** WORK ITEM **
Filter the listing below down to the lines holding the word "with", and copy those lines.

--- START ---

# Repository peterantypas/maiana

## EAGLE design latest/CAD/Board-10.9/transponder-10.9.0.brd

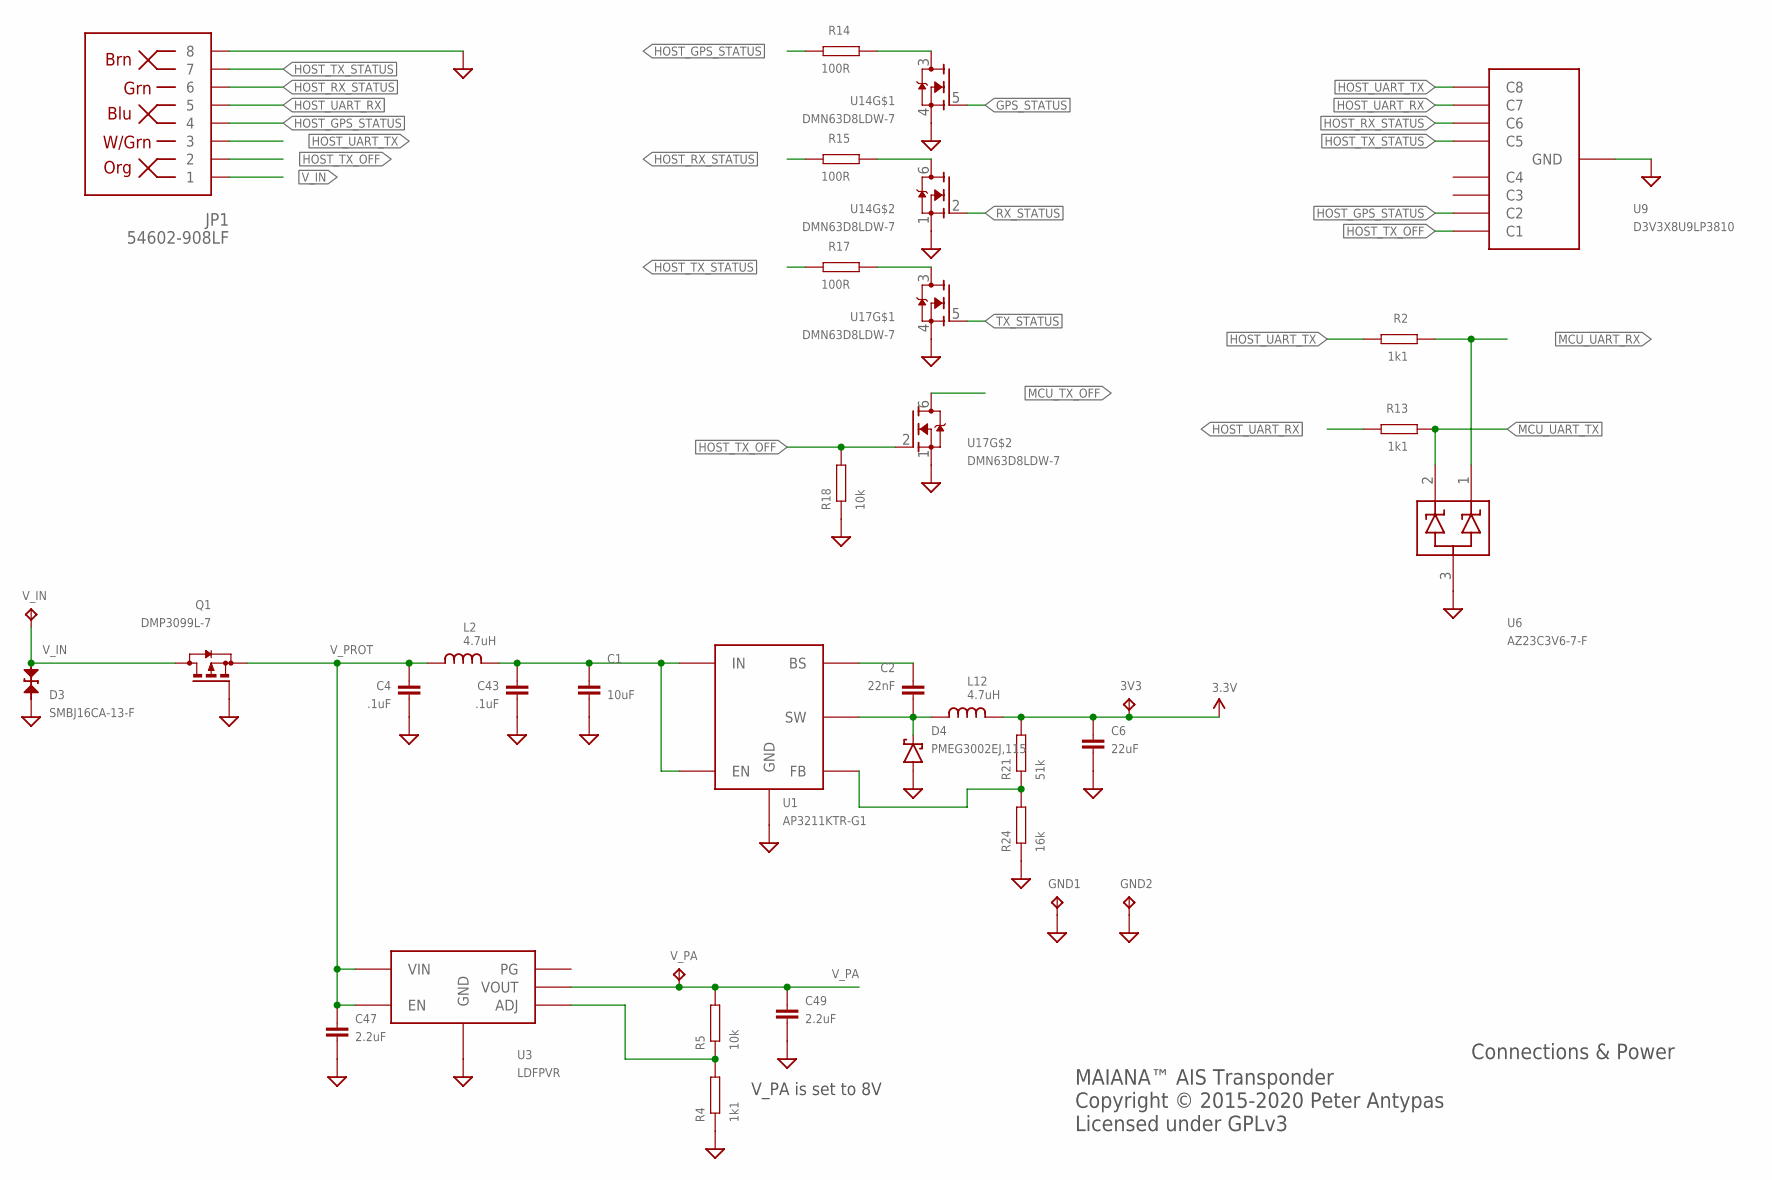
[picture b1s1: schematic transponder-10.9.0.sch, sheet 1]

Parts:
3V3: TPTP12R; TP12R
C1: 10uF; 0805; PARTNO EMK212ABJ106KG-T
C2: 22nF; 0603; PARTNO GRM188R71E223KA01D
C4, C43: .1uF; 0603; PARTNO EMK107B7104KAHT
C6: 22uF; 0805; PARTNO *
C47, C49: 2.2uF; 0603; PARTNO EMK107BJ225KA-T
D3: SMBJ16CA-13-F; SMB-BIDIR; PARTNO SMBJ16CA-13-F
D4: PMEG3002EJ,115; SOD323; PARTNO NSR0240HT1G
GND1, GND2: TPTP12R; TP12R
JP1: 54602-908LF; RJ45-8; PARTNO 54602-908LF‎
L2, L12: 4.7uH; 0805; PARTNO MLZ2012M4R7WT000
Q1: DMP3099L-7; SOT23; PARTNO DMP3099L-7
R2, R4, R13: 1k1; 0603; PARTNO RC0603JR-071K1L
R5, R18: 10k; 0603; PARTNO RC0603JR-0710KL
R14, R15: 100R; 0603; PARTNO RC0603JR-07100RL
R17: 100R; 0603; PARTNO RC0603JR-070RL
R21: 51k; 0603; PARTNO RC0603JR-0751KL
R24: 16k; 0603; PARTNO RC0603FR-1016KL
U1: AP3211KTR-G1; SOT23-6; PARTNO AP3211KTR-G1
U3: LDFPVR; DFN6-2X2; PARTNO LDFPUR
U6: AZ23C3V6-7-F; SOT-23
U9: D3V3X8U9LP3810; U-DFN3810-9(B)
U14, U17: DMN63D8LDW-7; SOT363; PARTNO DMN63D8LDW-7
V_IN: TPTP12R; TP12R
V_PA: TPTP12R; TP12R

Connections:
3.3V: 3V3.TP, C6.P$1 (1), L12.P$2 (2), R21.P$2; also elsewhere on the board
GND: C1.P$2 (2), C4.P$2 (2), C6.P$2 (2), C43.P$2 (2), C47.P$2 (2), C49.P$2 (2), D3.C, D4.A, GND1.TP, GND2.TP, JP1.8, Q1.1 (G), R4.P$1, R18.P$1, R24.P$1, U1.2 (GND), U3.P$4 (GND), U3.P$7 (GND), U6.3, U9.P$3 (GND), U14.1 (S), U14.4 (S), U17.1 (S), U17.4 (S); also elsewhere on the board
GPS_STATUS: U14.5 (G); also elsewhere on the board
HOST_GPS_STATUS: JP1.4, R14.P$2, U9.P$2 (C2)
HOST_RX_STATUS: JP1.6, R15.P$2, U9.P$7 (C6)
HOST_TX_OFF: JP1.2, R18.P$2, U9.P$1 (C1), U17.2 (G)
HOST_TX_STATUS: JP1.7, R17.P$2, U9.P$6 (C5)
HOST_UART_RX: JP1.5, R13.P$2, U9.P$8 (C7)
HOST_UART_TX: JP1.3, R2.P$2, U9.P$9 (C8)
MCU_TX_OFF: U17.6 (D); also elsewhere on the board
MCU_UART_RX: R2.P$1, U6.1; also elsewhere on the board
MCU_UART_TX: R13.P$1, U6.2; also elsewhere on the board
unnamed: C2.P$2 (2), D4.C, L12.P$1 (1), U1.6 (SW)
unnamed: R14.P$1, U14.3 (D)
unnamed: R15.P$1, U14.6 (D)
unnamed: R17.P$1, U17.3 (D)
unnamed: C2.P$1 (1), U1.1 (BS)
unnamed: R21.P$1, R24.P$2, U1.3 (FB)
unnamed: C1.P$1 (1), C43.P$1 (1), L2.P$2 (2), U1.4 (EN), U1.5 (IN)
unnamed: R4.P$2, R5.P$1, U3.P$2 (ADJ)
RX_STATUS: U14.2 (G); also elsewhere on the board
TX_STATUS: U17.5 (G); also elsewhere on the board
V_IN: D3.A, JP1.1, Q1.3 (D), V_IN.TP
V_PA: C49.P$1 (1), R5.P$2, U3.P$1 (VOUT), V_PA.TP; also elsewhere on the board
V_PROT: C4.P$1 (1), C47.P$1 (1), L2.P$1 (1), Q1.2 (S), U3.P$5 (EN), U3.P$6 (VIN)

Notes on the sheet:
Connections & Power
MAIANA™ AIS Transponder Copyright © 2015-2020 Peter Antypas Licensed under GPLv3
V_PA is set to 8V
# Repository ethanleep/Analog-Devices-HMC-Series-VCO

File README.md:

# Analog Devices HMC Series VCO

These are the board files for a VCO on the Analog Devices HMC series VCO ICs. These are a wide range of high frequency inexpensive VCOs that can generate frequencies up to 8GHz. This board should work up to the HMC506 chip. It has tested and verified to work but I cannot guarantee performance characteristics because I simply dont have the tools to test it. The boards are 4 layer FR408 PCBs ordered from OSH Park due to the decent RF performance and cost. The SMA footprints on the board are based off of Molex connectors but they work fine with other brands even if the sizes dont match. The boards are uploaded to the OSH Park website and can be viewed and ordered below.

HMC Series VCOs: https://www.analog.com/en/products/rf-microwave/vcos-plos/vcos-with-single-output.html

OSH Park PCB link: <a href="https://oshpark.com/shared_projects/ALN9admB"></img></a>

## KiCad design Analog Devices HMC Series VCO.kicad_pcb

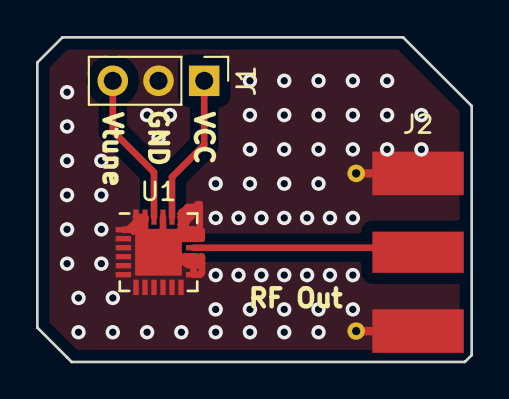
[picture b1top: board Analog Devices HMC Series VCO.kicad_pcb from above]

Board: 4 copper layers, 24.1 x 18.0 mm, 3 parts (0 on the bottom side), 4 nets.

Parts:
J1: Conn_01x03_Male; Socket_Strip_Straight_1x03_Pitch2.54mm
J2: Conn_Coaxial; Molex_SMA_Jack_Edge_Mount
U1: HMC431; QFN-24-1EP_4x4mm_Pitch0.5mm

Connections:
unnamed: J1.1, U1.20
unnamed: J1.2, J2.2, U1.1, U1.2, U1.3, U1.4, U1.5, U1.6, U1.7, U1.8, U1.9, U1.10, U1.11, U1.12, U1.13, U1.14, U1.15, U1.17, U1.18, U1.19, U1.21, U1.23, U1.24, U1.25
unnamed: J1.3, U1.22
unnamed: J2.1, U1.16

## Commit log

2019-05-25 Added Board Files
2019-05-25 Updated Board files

--- END ---

** ANSWER FOR THIS EXERCISE **
These are the board files for a VCO on the Analog Devices HMC series VCO ICs. These are a wide range of high frequency inexpensive VCOs that can generate frequencies up to 8GHz. This board should work up to the HMC506 chip. It has tested and verified to work but I cannot guarantee performance characteristics because I simply dont have the tools to test it. The boards are 4 layer FR408 PCBs ordered from OSH Park due to the decent RF performance and cost. The SMA footprints on the board are based off of Molex connectors but they work fine with other brands even if the sizes dont match. The boards are uploaded to the OSH Park website and can be viewed and ordered below.
HMC Series VCOs: https://www.analog.com/en/products/rf-microwave/vcos-plos/vcos-with-single-output.html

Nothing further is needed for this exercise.